**Raw data**
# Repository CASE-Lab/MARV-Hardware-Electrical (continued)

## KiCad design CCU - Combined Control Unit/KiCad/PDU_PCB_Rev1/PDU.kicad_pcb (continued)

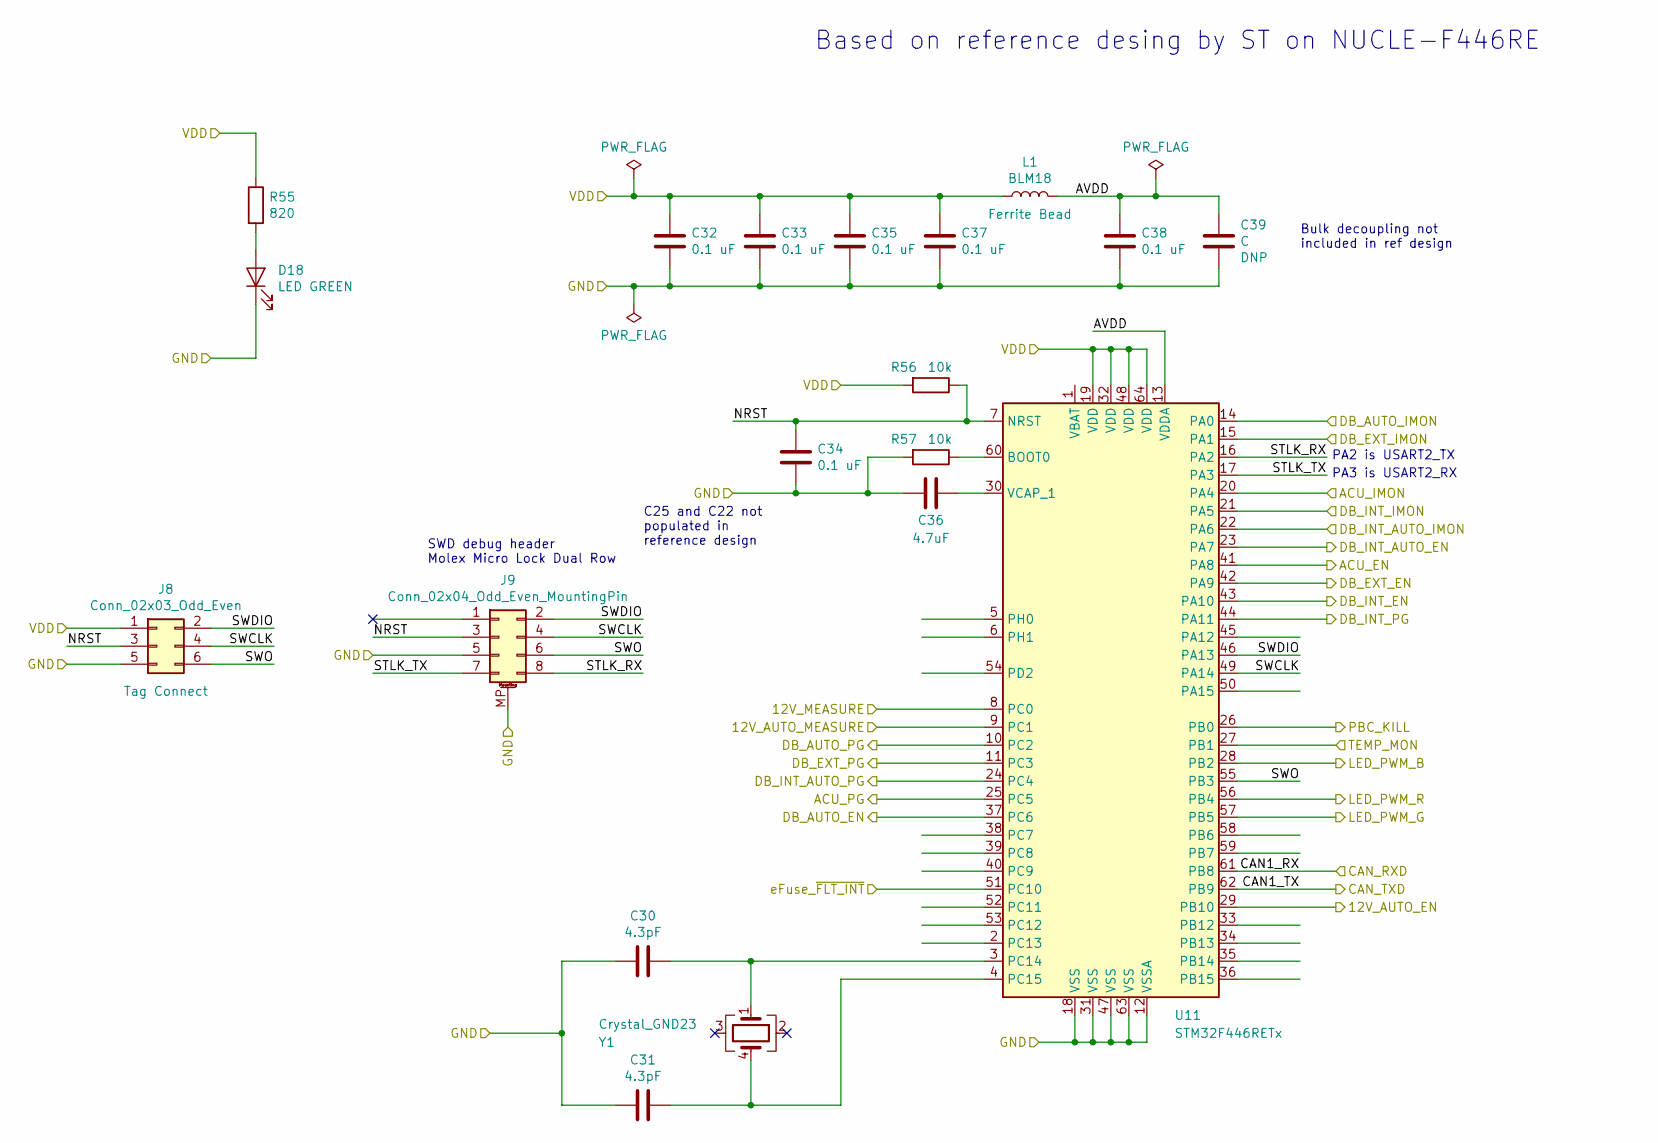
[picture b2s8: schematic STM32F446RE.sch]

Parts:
C30, C31: 4.3pF; C_0603_1608Metric
C32, C33, C34, C35, C37, C38: 0.1 uF; C_0603_1608Metric
C36: 4.7uF; C_0603_1608Metric
C39: C; C_0603_1608Metric
D18: LED GREEN; LED_0603_1608Metric
J8: Conn_02x03_Odd_Even; Tag-Connect_TC2030-IDC-NL_2x03_P1.27mm_Vertical
J9: Conn_02x04_Odd_Even_MountingPin; Molex_Micro-Lock_5054330871_2x4_P1.25_Vertical; MPN 538-505433-0871
L1: BLM18; L_0603_1608Metric; MPN BLM18PG471SN1D
R55: 820; R_0603_1608Metric
R56, R57: 10k; R_0603_1608Metric
U11: STM32F446RETx; LQFP-64_10x10mm_P0.5mm
Y1: Crystal_GND23; Crystal_SMD_Abracon_ABS25-4Pin_8.0x3.8mm; MPN ABS25-32.768KHZ-6-T

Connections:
+3V3: C32.1, C33.1, C35.1, C37.1, J8.1, L1.1, R55.1, R56.2, U11.19 (VDD), U11.32 (VDD), U11.48 (VDD), U11.64 (VDD); also elsewhere on the board
/12V_AUTO_EN: U11.29 (PB10); also elsewhere on the board
/12V_AUTO_MEASURE: U11.9 (PC1); also elsewhere on the board
/12V_MEASURE: U11.8 (PC0); also elsewhere on the board
/ACU_EN: U11.41 (PA8); also elsewhere on the board
/ACU_IMON: U11.20 (PA4); also elsewhere on the board
/ACU_PG: U11.25 (PC5); also elsewhere on the board
/DB_AUTO_EN: U11.37 (PC6); also elsewhere on the board
/DB_AUTO_IMON: U11.14 (PA0); also elsewhere on the board
/DB_AUTO_PG: U11.10 (PC2); also elsewhere on the board
/DB_EXT_EN: U11.42 (PA9); also elsewhere on the board
/DB_EXT_IMON: U11.15 (PA1); also elsewhere on the board
/DB_EXT_PG: U11.11 (PC3); also elsewhere on the board
/DB_INT_AUTO_EN: U11.23 (PA7); also elsewhere on the board
/DB_INT_AUTO_IMON: U11.22 (PA6); also elsewhere on the board
/DB_INT_AUTO_PG: U11.24 (PC4); also elsewhere on the board
/DB_INT_EN: U11.43 (PA10); also elsewhere on the board
/DB_INT_IMON: U11.21 (PA5); also elsewhere on the board
/DB_INT_PG: U11.44 (PA11); also elsewhere on the board
/PBC_KILL: U11.26 (PB0); also elsewhere on the board
/STM32F446RE/AVDD: C38.1, C39.1, L1.2, U11.13 (VDDA)
/STM32F446RE/CAN_RXD: U11.61 (PB8); also elsewhere on the board
/STM32F446RE/CAN_TXD: U11.62 (PB9); also elsewhere on the board
/STM32F446RE/NRST: C34.1, J8.3, J9.3, R56.1, U11.7 (NRST)
/STM32F446RE/STLK_RX: J9.8, U11.16 (PA2)
/STM32F446RE/STLK_TX: J9.7, U11.17 (PA3)
/STM32F446RE/SWCLK: J8.4, J9.4, U11.49 (PA14)
/STM32F446RE/SWDIO: J8.2, J9.2, U11.46 (PA13)
/STM32F446RE/SWO: J8.6, J9.6, U11.55 (PB3)
/S_LED_B_A: U11.28 (PB2); also elsewhere on the board
/S_LED_G_A: U11.57 (PB5); also elsewhere on the board
/S_LED_R_A: U11.56 (PB4); also elsewhere on the board
/TEMP_MON: U11.27 (PB1); also elsewhere on the board
/eFuse_~FLT: U11.51 (PC10); also elsewhere on the board
GND: C30.2, C31.2, C32.2, C33.2, C34.2, C35.2, C36.2, C37.2, C38.2, C39.2, D18.1 (K), J8.5, J9.5, J9.MP (MountPin), R57.2, U11.12 (VSSA), U11.18 (VSS), U11.31 (VSS), U11.47 (VSS), U11.63 (VSS); also elsewhere on the board
unnamed: C30.1, U11.3 (PC14), Y1.1
unnamed: C31.1, U11.4 (PC15), Y1.4
unnamed: C36.1, U11.30 (VCAP_1)
unnamed: D18.2 (A), R55.2
unnamed: R57.1, U11.60 (BOOT0)

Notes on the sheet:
C25 and C22 not populated in reference design
SWD debug header Molex Micro Lock Dual Row
Based on reference desing by ST on NUCLE-F446RE
PA3 is USART2_RX
PA2 is USART2_TX
Bulk decoupling not included in ref design

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
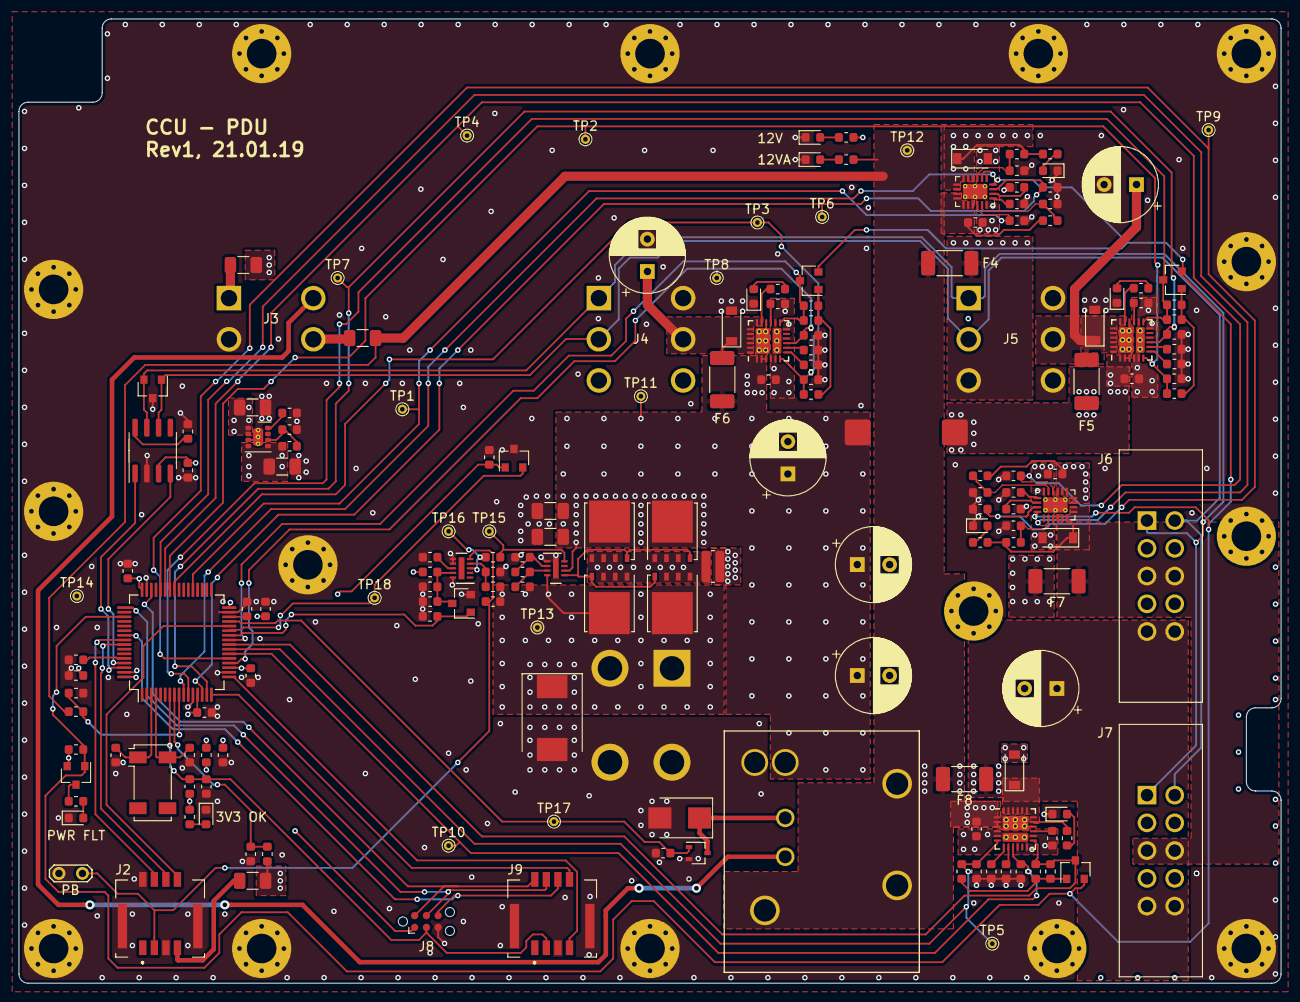
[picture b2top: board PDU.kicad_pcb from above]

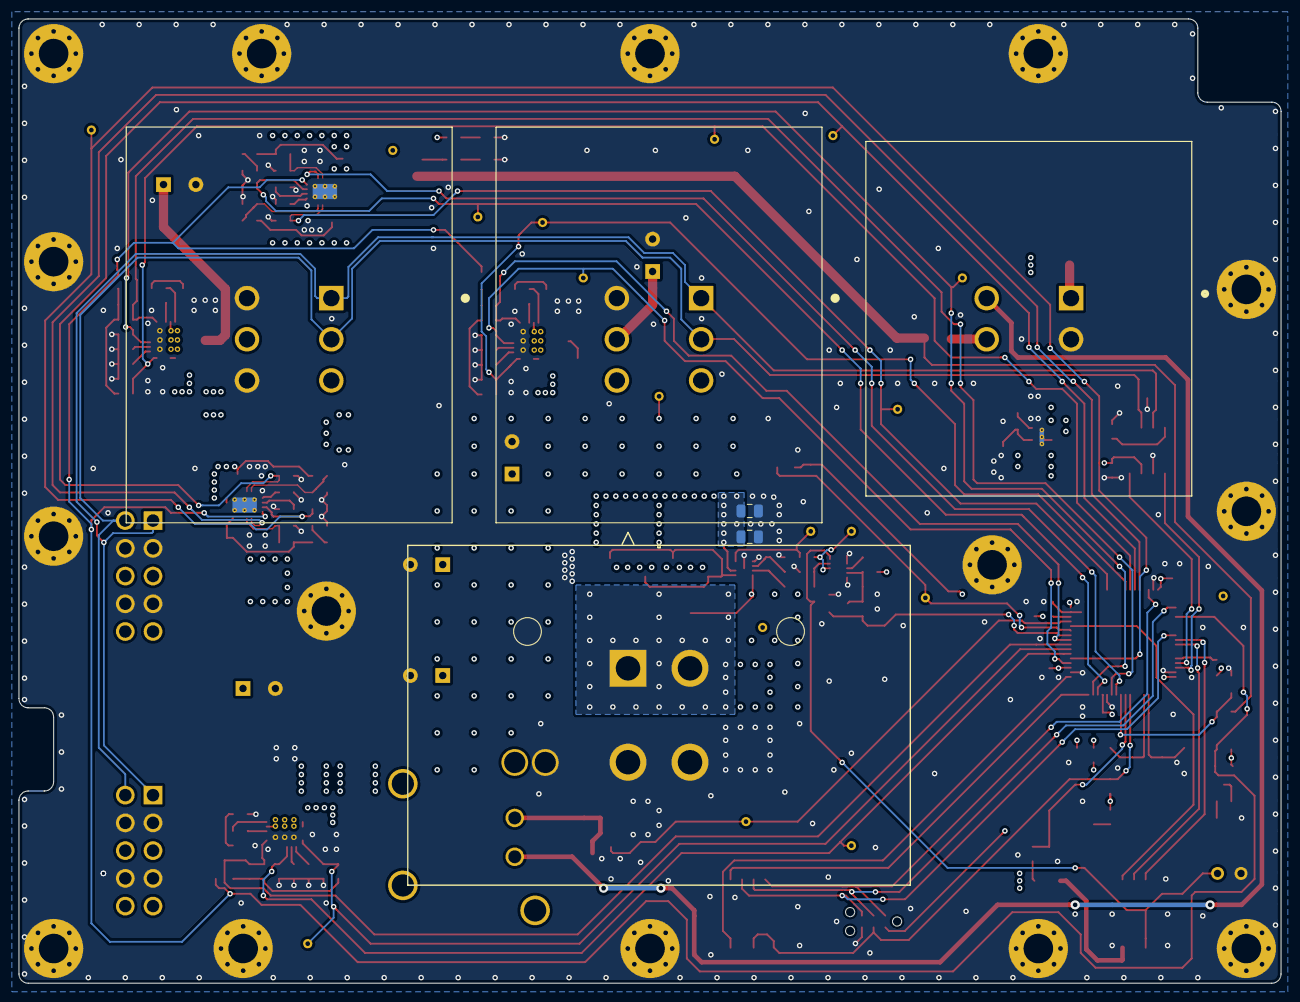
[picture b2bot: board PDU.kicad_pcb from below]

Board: 4 copper layers, 136.5 x 104.3 mm, 196 parts (6 on the bottom side), 97 nets.

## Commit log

2021-09-12 Create LICENSE
2021-11-03 added OCU top buttons to exsisting hardware adapter
2021-11-03 finished button adapter, started with power pcb
2021-11-05 finished board
2021-12-09 updated MCU power pcb
2022-08-03 Added LED driver PCBA
2022-08-22 added ibom files

**Work task**
With pictures omitted, reproduce exactly the lines from the line containing "PA2 is USART2_TX" through the end of the data above.

**Exercise answer**
PA2 is USART2_TX
Bulk decoupling not included in ref design


[picture b2top: board PDU.kicad_pcb from above]

[picture b2bot: board PDU.kicad_pcb from below]

Board: 4 copper layers, 136.5 x 104.3 mm, 196 parts (6 on the bottom side), 97 nets.

## Commit log

2021-09-12 Create LICENSE
2021-11-03 added OCU top buttons to exsisting hardware adapter
2021-11-03 finished button adapter, started with power pcb
2021-11-05 finished board
2021-12-09 updated MCU power pcb
2022-08-03 Added LED driver PCBA
2022-08-22 added ibom files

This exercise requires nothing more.